FRIENDS DON'T LET FRIENDS BUY EXTENDED WARRANTIES...

Look -- we have covered this ad nausem -- 50% will say that its great for the piece of mind -- 50% will say not to...

I am a not to..

Here is my quick reasons...

1. Many times the extended warranties require you to conduct annual cleaning and servicing by a trained professional of THEIR choosing... recently one of the outbackers had an extended warranty on the Fridge.. the fridge went out -- the company did not cover the loss because once a year their extened warranty stated that they had to have the Fridge serviced at 99.00 by one of their techs.. and their stove for another $37... and the Carrier AC for $129.00 .. etc etc...

2. There normally is a deductible of $50 to a $100 deductible...

3. Take the $1900 and put it in a Charles Schwab Savings Account (currently at 4.05% -- and watch it grow -- and if you ever need a repair -- then take the money from that... Heck for $1900 plus deductible (which after 5 years at current market conditions is actually worth 2415) you could buy most of the appliance for new... but after 5 or 7 years -- then take that nearly $3000 out and have one heck of a vacation...

4. Many of the things that you need covered are NOT covered under an extended warranty -- like leaks - laminate - warping -- (some cover -- most don't)

Yes for piece of mind extended warranties are great -- but its sort of like buying a gun for piece of mind but no ammo ...meaning -- if you ever had to use the warranty most of the time you will find that due to so many rules and restrictions that its impossible to get it repaired any cheaper then if you had just got it fixed without the arranty hassle ...

---

OK --- this is when everyone dogpiles on me and tells me what a great thing it was for them to have their warranties and how it saved them millions -- LOL

Another Warranty Topic

And finally -- just a quick FYI that I had wrote earlier about warranties... and the reason both the ABA and Consuymer Reports votes them as aa "Avoid at all cost" category

Say an extended warranty cost you $1000.

Half of that goes to the Dealer pocket right away = $500 
1/4 goes to the sales guy = $250 as a commission 
and the last 1/4 is what the policy actually cost the company = $250

So of course for a policy that the insurance company only sales for $250 (thats $40 dollars a year they make) they are going to fight you tooth and nail on any claims -- and normally win ...


----------



## Brian (Jan 25, 2004)

Ghosty has a valid position on this topic and supports it well.

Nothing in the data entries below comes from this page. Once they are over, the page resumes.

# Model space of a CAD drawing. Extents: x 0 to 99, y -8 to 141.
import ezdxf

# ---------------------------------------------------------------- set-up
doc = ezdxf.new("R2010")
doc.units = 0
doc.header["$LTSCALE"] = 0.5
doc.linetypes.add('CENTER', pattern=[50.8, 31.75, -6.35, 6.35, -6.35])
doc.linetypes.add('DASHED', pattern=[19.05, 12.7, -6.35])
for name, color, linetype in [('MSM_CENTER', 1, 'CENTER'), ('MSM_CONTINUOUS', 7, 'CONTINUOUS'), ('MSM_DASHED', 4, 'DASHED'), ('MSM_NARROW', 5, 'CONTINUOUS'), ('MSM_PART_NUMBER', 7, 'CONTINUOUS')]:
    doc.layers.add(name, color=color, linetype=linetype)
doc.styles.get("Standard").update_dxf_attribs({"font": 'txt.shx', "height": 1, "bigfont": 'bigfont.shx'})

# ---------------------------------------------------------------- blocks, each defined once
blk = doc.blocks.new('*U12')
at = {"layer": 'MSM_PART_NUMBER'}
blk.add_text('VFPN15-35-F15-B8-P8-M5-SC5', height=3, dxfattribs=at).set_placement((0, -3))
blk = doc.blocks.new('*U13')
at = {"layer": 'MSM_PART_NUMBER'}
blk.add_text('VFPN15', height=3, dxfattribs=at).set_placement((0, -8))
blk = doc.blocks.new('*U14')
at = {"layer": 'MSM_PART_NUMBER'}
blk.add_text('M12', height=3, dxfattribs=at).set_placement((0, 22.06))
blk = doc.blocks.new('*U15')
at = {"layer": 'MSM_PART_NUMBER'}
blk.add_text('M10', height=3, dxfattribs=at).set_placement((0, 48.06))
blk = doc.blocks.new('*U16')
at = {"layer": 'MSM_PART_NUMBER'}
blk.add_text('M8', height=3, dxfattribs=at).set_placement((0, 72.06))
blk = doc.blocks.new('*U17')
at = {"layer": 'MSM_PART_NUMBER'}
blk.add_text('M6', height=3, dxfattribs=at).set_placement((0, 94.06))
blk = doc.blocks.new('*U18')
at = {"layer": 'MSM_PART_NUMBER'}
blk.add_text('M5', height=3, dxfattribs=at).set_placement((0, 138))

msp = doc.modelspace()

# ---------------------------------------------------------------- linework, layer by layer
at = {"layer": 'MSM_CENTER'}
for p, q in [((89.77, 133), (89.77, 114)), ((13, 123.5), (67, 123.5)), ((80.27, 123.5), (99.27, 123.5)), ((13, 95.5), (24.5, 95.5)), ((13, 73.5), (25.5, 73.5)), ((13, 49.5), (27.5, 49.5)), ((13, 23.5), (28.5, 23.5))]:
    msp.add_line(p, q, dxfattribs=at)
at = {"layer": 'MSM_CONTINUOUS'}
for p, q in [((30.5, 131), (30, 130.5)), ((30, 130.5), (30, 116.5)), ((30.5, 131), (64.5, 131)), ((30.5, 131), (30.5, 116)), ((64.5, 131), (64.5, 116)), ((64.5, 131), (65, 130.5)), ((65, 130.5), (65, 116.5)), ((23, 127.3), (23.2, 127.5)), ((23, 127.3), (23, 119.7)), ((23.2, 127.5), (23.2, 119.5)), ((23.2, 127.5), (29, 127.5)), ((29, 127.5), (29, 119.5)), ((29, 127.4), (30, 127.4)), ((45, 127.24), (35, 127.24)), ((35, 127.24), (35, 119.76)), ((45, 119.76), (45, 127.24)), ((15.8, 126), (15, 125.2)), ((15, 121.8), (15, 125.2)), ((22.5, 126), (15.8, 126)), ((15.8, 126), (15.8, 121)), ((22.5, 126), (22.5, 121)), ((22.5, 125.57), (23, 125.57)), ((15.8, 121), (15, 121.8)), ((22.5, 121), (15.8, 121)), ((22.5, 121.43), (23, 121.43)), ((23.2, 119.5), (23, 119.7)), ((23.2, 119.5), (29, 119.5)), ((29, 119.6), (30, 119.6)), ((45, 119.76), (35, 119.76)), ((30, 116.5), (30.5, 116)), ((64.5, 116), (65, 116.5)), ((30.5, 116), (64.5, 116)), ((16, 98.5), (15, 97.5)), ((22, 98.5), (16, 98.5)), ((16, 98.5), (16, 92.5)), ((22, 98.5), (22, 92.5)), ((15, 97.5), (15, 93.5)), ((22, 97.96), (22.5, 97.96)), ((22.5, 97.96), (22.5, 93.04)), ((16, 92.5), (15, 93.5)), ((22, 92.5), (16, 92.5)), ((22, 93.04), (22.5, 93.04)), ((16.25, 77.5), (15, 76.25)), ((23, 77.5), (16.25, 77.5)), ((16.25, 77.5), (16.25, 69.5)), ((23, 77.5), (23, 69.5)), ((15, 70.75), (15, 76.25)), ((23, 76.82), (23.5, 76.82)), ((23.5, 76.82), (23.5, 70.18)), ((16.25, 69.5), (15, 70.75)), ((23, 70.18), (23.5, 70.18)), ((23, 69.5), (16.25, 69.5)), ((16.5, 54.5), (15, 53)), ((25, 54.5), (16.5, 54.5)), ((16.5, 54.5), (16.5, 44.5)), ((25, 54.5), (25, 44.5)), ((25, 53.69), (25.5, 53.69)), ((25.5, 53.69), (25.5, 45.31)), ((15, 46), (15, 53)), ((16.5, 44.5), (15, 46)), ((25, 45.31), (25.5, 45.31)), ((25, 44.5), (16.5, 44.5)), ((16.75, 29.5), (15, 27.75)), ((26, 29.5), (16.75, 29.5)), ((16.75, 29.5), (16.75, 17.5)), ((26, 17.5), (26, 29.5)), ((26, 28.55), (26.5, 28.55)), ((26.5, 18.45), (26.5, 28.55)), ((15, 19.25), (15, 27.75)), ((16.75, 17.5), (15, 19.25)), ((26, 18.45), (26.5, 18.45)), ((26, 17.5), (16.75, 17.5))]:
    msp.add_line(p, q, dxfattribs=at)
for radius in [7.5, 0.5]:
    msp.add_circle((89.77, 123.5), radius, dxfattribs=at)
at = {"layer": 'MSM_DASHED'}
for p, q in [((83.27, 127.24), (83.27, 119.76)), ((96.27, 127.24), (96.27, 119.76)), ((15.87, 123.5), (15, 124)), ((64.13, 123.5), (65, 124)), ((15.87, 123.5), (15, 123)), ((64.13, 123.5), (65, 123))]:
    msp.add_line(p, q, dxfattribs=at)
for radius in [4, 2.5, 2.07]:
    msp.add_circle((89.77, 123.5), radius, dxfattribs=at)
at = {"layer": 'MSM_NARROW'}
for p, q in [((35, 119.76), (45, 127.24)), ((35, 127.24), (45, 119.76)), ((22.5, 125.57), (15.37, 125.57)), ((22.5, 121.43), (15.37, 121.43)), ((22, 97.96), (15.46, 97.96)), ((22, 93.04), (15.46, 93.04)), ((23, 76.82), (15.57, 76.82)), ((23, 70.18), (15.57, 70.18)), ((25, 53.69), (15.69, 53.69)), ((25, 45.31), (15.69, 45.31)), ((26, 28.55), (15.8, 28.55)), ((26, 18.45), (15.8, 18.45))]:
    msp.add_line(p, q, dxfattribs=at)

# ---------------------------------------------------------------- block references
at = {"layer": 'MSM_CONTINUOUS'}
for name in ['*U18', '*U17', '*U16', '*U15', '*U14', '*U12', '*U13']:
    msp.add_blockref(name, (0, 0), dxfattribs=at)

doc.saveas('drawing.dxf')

Others may disagree and for... in their opinion other reasons.

The bottom line is we all make our decisions based on having gathered all the info in order to make an educated decision.

This forum has always(in general) been a objective non agenda driven site...we've all been on those.

That being said, each person has a voice and should be willing to express their opinions in a courteous and respectful way.

Here's a humorous quote I once heard, just for laughs.."Never Go Into A Battle Of Wits With An Unarmed Man"

Not sure where it came from though!

Happy Posting!

Respectfully,
Brian


----------



## Oregon_Camper (Sep 13, 2004)

Brad Kerr said:


> Has anyone who purchased a new trailer ever purchased the extended 5 year warranty? If so is it worth the $1900 the dealer is offering?


This is a hard question to ask a large group. It is like, which is better, Coke or Pepsi.

To some, the cost is well worth the peace of mind, knowing they are protected for more years. Perhaps you don't have the ability to make repairs on your own...in this case I'd say it is worth it.

If you have ability to repair items on your own, then I say save the money and buy are few more toys for the Outback.

I know this is a back-and-forth answer, but it really comes down to how it makes you feel.

For the first time in my life I bought an extended warranty for my Suburban (3 months before factory one was over). I know I will be keeping this for a long time and I have NO clue how to repair todays vehicles. Again....made me comfortable, so it was an easy choice.

Hope this helps....


----------



## Fanatical1 (Jan 9, 2006)

Another way to look at the "value" of the extended warrantee would be to ask members who have purchased them how much the
insurance paid them for the necesary repairs versus what they paid for the extended warrantee.

If they received at a minimum their upfront cost plus interest, less any deductables (as a majority) then it would seem to make 
sense to purchase one.


----------



## hpapa4 (Apr 11, 2007)

Welcome to Outbackers. Glad to have you aboard.


----------